Depneding on how long we are planning to be away and the time of year we carry either 2x 6kg lightwieght Calor propane or 1 x13kg and 1 x6kg lightwieght Calor propane - this fits at a squeeze.
.


----------



## sprokit (May 1, 2005)

Velocette said:


> Hi'
> I want to fit 2 propane bottles to our newly bought S550. Does anyone know which ones will fit in the gas locker and give the maximum capacity? According to the Hymer handbook it will take two 11kg bottles. Flogas do an 11kg propane, but at 320mm diameter, they are too wide. The van came with one Maxigas 13kg butane bottle. these are only 300mm diameter, but with one in place there is only 290mm left. What do others use? With us wanting to use the van in Winter, it has to be propane.


Hi

I presume by your description of the locker taking 2 x 11 kg bottles that your Hymer has the standard gas locker.

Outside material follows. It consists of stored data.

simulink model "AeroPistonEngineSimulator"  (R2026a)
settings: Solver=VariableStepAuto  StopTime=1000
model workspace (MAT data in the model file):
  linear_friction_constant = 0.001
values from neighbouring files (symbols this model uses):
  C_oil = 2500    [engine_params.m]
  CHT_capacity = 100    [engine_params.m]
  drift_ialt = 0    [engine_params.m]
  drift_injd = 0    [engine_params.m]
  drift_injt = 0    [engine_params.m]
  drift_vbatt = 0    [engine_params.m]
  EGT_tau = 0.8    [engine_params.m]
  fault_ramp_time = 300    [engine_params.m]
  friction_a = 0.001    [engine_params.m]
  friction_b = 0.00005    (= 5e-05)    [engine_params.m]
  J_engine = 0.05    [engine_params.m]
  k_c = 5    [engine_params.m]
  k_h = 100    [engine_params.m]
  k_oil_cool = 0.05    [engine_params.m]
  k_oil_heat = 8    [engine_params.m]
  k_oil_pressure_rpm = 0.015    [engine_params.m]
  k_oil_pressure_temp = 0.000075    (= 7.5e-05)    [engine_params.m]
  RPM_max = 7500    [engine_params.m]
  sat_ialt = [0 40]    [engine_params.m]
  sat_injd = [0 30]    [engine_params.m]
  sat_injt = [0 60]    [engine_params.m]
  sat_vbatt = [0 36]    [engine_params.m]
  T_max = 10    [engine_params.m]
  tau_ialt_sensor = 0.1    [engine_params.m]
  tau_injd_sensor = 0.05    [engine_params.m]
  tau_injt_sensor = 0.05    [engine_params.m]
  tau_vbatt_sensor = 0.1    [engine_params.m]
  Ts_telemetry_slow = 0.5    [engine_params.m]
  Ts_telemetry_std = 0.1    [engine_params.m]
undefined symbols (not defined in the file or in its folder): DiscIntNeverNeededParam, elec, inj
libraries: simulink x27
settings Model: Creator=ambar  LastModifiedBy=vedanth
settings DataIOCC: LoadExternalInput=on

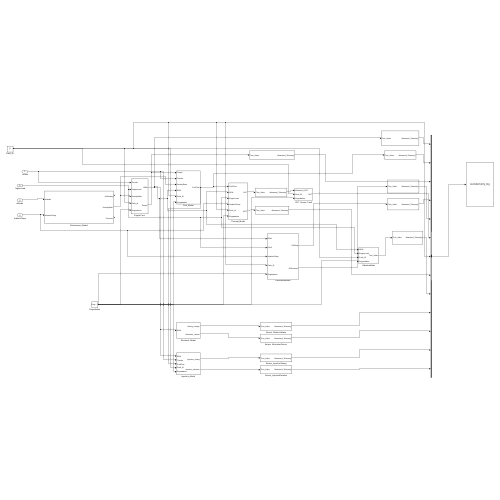
[thumbnail: Simulink's stored preview of the top-level diagram]
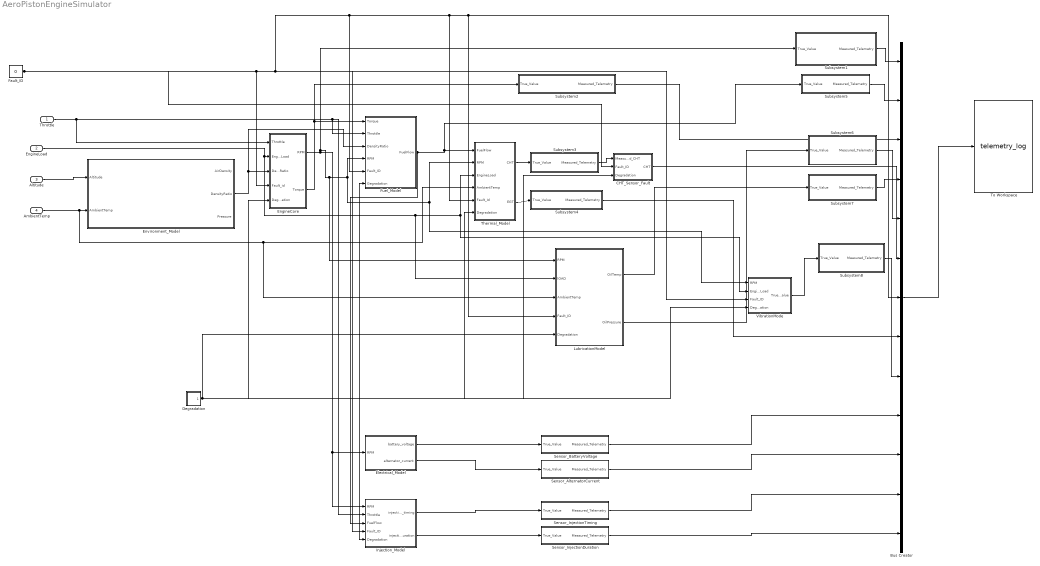
== system AeroPistonEngineSimulator ==
  Throttle : Inport
  EngineLoad : Inport  Port=2
  Altitude : Inport  Port=3
  AmbientTemp : Inport  Port=4
  Bus Creator : BusCreator  Inputs=13
  CHT_Sensor_Fault : Subsystem  Description=Fault 7 (CHT sensor drift/failure): the reported CHT drifts high and becomes erratic; the true engine CHT is unaffected. Pass-through for every other fault.
  Degradation : Subsystem  Description=Fault progression 0 -> 1. Starts at Fault_Onset (sim time the current fault was injected; set live by simulink_mqtt_stream.m) and rises at Progression_Rate per second. Fault tables clip at 1.
  Electrical_Model : Subsystem  Description=Read-only 28 VDC electrical system (parameters elec.* in engine_params.m). Input: engine RPM. Outputs: battery_voltage (V), alternator_current (A). No alternator torque is fed back into EngineCore.
  EngineCore : Subsystem
  Environment_Model : Subsystem
  Fault_ID : Constant  Value=0
  Fuel_Model : Subsystem
  Injection_Model : Subsystem  Description=|
      | Read-only ECU injection parameters (inj.* in engine_params.m). injection_timing = start of injection, deg BTDC, 2-D map of RPM x throttle. injection_duration = pulse width per event, ms, from fuel flow (kg/h) and RPM. Not fed back into combustion physics.
      | Fault 5 (injector abnormality): delivered fuel = k * commanded; the ECU pulse is computed from the full demand (measured fuel flow / k).
  LubricationModel : Subsystem
  Sensor_AlternatorCurrent : Subsystem
  Sensor_BatteryVoltage : Subsystem
  Sensor_InjectionDuration : Subsystem
  Sensor_InjectionTiming : Subsystem
  Subsystem1 : Subsystem
  Subsystem2 : Subsystem
  Subsystem3 : Subsystem
  Subsystem4 : Subsystem
  Subsystem5 : Subsystem
  Subsystem6 : Subsystem
  Subsystem7 : Subsystem
  Subsystem8 : Subsystem
  Thermal_Model : Subsystem
  To Workspace : ToWorkspace  VariableName=telemetry_log  SaveFormat=Timeseries  SampleTime=-1
  VibrationMode : Subsystem  Description=Fault 9 (abnormal vibration: imbalance / bearing wear): vibration amplitude grows with fault progression.
  wires:
  Bus Creator/1 -> To Workspace/1
  Throttle/1 -> Injection_Model/2(Throttle), Fuel_Model/2(Throttle), EngineCore/1(Throttle)
  Subsystem2/1(Measured_Telemetry) -> Bus Creator/3
  Fault_ID/1 -> Injection_Model/4(Fault_ID), Fuel_Model/5(Fault_ID), Thermal_Model/5(Fault_Id), Bus Creator/7, LubricationModel/4(Fault_ID), EngineCore/4(Fault_id), CHT_Sensor_Fault/2(Fault_ID), VibrationMode/3(Fault_ID)
  Fuel_Model/1(FuelFlow) -> Subsystem5/1(True_Value), Thermal_Model/1(FuelFlow), Injection_Model/3(FuelFlow)
  Altitude/1 -> Environment_Model/1(Altitude)
  EngineCore/1(RPM) -> Electrical_Model/1(RPM), Injection_Model/1(RPM), Subsystem1/1(True_Value), LubricationModel/1(RPM), VibrationMode/1(RPM), Thermal_Model/2(RPM), Fuel_Model/4(RPM)
  LubricationModel/2(OilPressure) -> Subsystem6/1(True_Value)
  Environment_Model/2(DensityRatio) -> Fuel_Model/3(DensityRatio), EngineCore/3(DensityRatio)
  EngineLoad/1 -> LubricationModel/2(lOAD), Thermal_Model/3(EngineLoad), VibrationMode/2(EngineLoad), EngineCore/2(EngineLoad)
  AmbientTemp/1 -> LubricationModel/3(AmbientTemp), Thermal_Model/4(AmbientTemp), Environment_Model/2(AmbientTemp)
  Subsystem7/1(Measured_Telemetry) -> Bus Creator/4
  VibrationMode/1(True_Value) -> Subsystem8/1(True_Value)
  Subsystem4/1(Measured_Telemetry) -> Bus Creator/8
  Subsystem6/1(Measured_Telemetry) -> Bus Creator/5
  Subsystem8/1(Measured_Telemetry) -> Bus Creator/9
  Subsystem1/1(Measured_Telemetry) -> Bus Creator/1
  EngineCore/2(Torque) -> Subsystem2/1(True_Value), Fuel_Model/1(Torque)
  Thermal_Model/2(EGT) -> Subsystem4/1(True_Value)
  Subsystem5/1(Measured_Telemetry) -> Bus Creator/2
  Thermal_Model/1(CHT) -> Subsystem3/1(True_Value)
  LubricationModel/1(OilTemp) -> Subsystem7/1(True_Value)
  Electrical_Model/1(battery_voltage) -> Sensor_BatteryVoltage/1(True_Value)
  Electrical_Model/2(alternator_current) -> Sensor_AlternatorCurrent/1(True_Value)
  Injection_Model/1(injection_timing) -> Sensor_InjectionTiming/1(True_Value)
  Injection_Model/2(injection_duration) -> Sensor_InjectionDuration/1(True_Value)
  Sensor_BatteryVoltage/1(Measured_Telemetry) -> Bus Creator/10
  Sensor_AlternatorCurrent/1(Measured_Telemetry) -> Bus Creator/11
  Sensor_InjectionTiming/1(Measured_Telemetry) -> Bus Creator/12
  Sensor_InjectionDuration/1(Measured_Telemetry) -> Bus Creator/13
  Degradation/1(Degradation) -> Injection_Model/5(Degradation), Fuel_Model/6(Gegradation), Thermal_Model/6(Degradation), LubricationModel/5(Degradation), EngineCore/5(Degradation), CHT_Sensor_Fault/3(Degradation), VibrationMode/4(Degradation)
  Subsystem3/1(Measured_Telemetry) -> CHT_Sensor_Fault/1(Measured_CHT)
  CHT_Sensor_Fault/1(CHT) -> Bus Creator/6

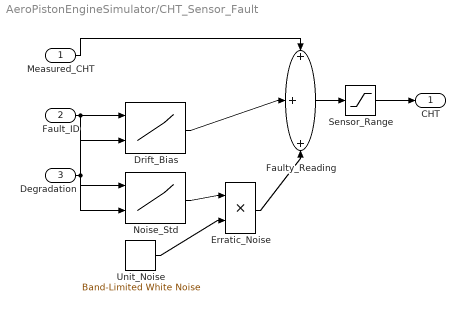
== system AeroPistonEngineSimulator/CHT_Sensor_Fault ==
  Measured_CHT : Inport
  Fault_ID : Inport  Port=2
  Degradation : Inport  Port=3
  Drift_Bias : Lookup_n-D  BreakpointsForDimension1=[0 1 2 3 4 5 6 7 8 9]  BreakpointsForDimension2=[0 0.25 0.5 0.75 1]  Table=[0 0 0 0 0;0 0 0 0 0;0 0 0 0 0;0 0 0 0 0;0 0 0 0 0;0 0 0 0 0;0 0 0 0 0;0 10 20 30 40;0 0 0 0 0;0 0 0 0 0]  ExtrapMethod=Clip  InternalRulePriority=Speed  RndMeth=Simplest
      settings: InputPortMap=u0,u1
  Erratic_Noise : Product
  Faulty_Reading : Sum  Inputs=+++
  Noise_Std : Lookup_n-D  BreakpointsForDimension1=[0 1 2 3 4 5 6 7 8 9]  BreakpointsForDimension2=[0 0.25 0.5 0.75 1]  Table=[0 0 0 0 0;0 0 0 0 0;0 0 0 0 0;0 0 0 0 0;0 0 0 0 0;0 0 0 0 0;0 0 0 0 0;0 1 2.5 4 6;0 0 0 0 0;0 0 0 0 0]  ExtrapMethod=Clip  InternalRulePriority=Speed  RndMeth=Simplest
      settings: InputPortMap=u0,u1
  Sensor_Range : Saturate  UpperLimit=300  LowerLimit=0
  Unit_Noise : simulink/Sources/Band-Limited White Noise  Cov=Ts_telemetry_slow  Ts=Ts_telemetry_slow  seed=23361
  CHT : Outport
  wires:
  Fault_ID/1 -> Drift_Bias/1, Noise_Std/1
  Degradation/1 -> Drift_Bias/2, Noise_Std/2
  Noise_Std/1 -> Erratic_Noise/1
  Unit_Noise/1 -> Erratic_Noise/2
  Measured_CHT/1 -> Faulty_Reading/1
  Drift_Bias/1 -> Faulty_Reading/2
  Erratic_Noise/1 -> Faulty_Reading/3
  Faulty_Reading/1 -> Sensor_Range/1
  Sensor_Range/1 -> CHT/1

== system AeroPistonEngineSimulator/Degradation ==
  Clock : Clock
  Fault_Onset : Constant  Value=0
  Not_Before_Onset : Saturate  UpperLimit=inf  LowerLimit=0
  Progression_Rate : Gain  Gain=1/fault_ramp_time
  Since_Onset : Sum  Inputs=+-
  Degradation : Outport
  wires:
  Clock/1 -> Since_Onset/1
  Fault_Onset/1 -> Since_Onset/2
  Since_Onset/1 -> Progression_Rate/1
  Progression_Rate/1 -> Not_Before_Onset/1
  Not_Before_Onset/1 -> Degradation/1

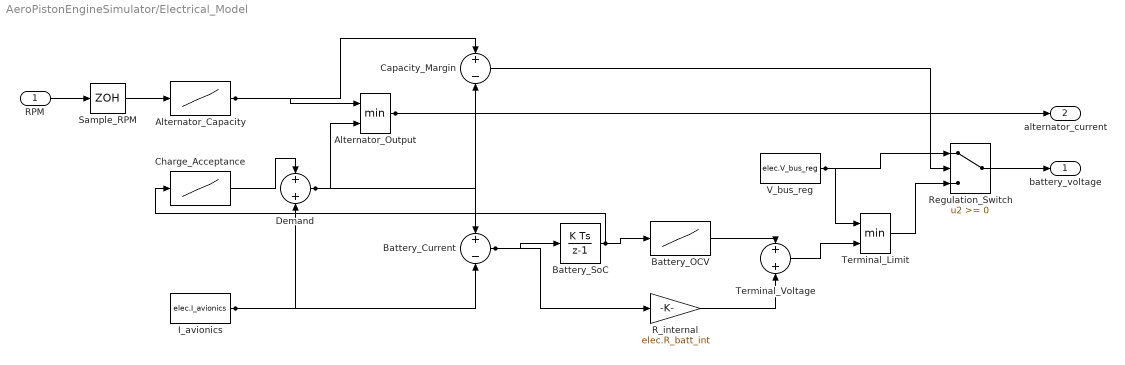
== system AeroPistonEngineSimulator/Electrical_Model ==
  RPM : Inport
  Alternator_Capacity : Lookup_n-D  NumberOfTableDimensions=1  BreakpointsForDimension1=[elec.RPM_alt_cutin elec.RPM_alt_rated]  Table=[0 elec.I_alt_max]  ExtrapMethod=Clip  InternalRulePriority=Speed  RndMeth=Simplest
  Alternator_Output : MinMax  Inputs=2  ZeroCross=off
  Battery_Current : Sum  Inputs=+-
  Battery_OCV : Lookup_n-D  NumberOfTableDimensions=1  BreakpointsForDimension1=[0 1]  Table=[elec.V_batt_empty elec.V_batt_full]  ExtrapMethod=Clip  InternalRulePriority=Speed  RndMeth=Simplest
  Battery_SoC : DiscreteIntegrator  gainval=1/(elec.C_batt_Ah*3600)  InitialCondition=elec.SoC_init  SampleTime=Ts_telemetry_std  LimitOutput=on  UpperSaturationLimit=1  LowerSaturationLimit=0  ICPrevOutput=DiscIntNeverNeededParam  ICPrevScaledInput=DiscIntNeverNeededParam
  Capacity_Margin : Sum  Inputs=+-
  Charge_Acceptance : Lookup_n-D  NumberOfTableDimensions=1  BreakpointsForDimension1=[elec.SoC_taper 1]  Table=[elec.I_charge_max 0]  ExtrapMethod=Clip  InternalRulePriority=Speed  RndMeth=Simplest
  Demand : Sum
  I_avionics : Constant  Value=elec.I_avionics  SampleTime=Ts_telemetry_std
  R_internal : Gain  Gain=elec.R_batt_int
  Regulation_Switch : Switch  ZeroCross=off  SaturateOnIntegerOverflow=off  InputSameDT=off
  Sample_RPM : ZeroOrderHold  SampleTime=Ts_telemetry_std
  Terminal_Limit : MinMax  Inputs=2  ZeroCross=off
  Terminal_Voltage : Sum
  V_bus_reg : Constant  Value=elec.V_bus_reg  SampleTime=Ts_telemetry_std
  battery_voltage : Outport
  alternator_current : Outport  Port=2
  wires:
  RPM/1 -> Sample_RPM/1
  Sample_RPM/1 -> Alternator_Capacity/1
  Battery_SoC/1 -> Charge_Acceptance/1, Battery_OCV/1
  Charge_Acceptance/1 -> Demand/1
  I_avionics/1 -> Demand/2, Battery_Current/2
  Alternator_Capacity/1 -> Alternator_Output/1, Capacity_Margin/1
  Demand/1 -> Alternator_Output/2, Capacity_Margin/2
  Alternator_Output/1 -> Battery_Current/1, alternator_current/1
  Battery_Current/1 -> Battery_SoC/1, R_internal/1
  Battery_OCV/1 -> Terminal_Voltage/1
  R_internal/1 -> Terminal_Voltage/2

If that is so, then you'll be able to fit 1 x 13 kg & 1 x 6 kg Calor propane bottles, but not 2 x13 kg - however, if you decide to spend a bit of cash and fir Gaslow bottles, 2 x 11 kg Gaslow bottles fit in there easily (plus it's a lot easier on the back ).

I'm led to believe the larger Alugas bottles will fit as they're not as big around the circumference - but I have no experience of fitting or using Alugas bottles. :?

Weigh up to costs and the pros & cons, then make your decision.

Keith (Sprokit)


----------



## eurajohn (May 9, 2005)

Being a German vehicle the 11Kg referred to are the 11Kg German bottles which are smaller than the UK equivalent, although I think as others have stated the re-fillable variety are the same size as they are initially sourced via Poland or Germany so same size as the normal domestic ones.


----------



## fatwallet (May 18, 2006)

We have a s820 with two 11kg gaslow cylinders they fit in the locker no problem.

Len


----------



## charlieivan (Apr 25, 2006)

Unless for some reason Hymer have altered the size of their gas lockers then 2 x 11kg Flogas bottles should fit. We have had 2 Hymers and now an Eriba and all have managed to take 2 x 11kg Flogas. Have you tried to physically fit them in or are you just relying on measurements?


----------



## Velocette (Jun 27, 2013)

Thanks to all for the info. Gaslow would be perfect, but the initial cost is the constraint - cruise control is my next lump of money allocated. I had come to a similar conclusion of using one 11kg and one 6kg.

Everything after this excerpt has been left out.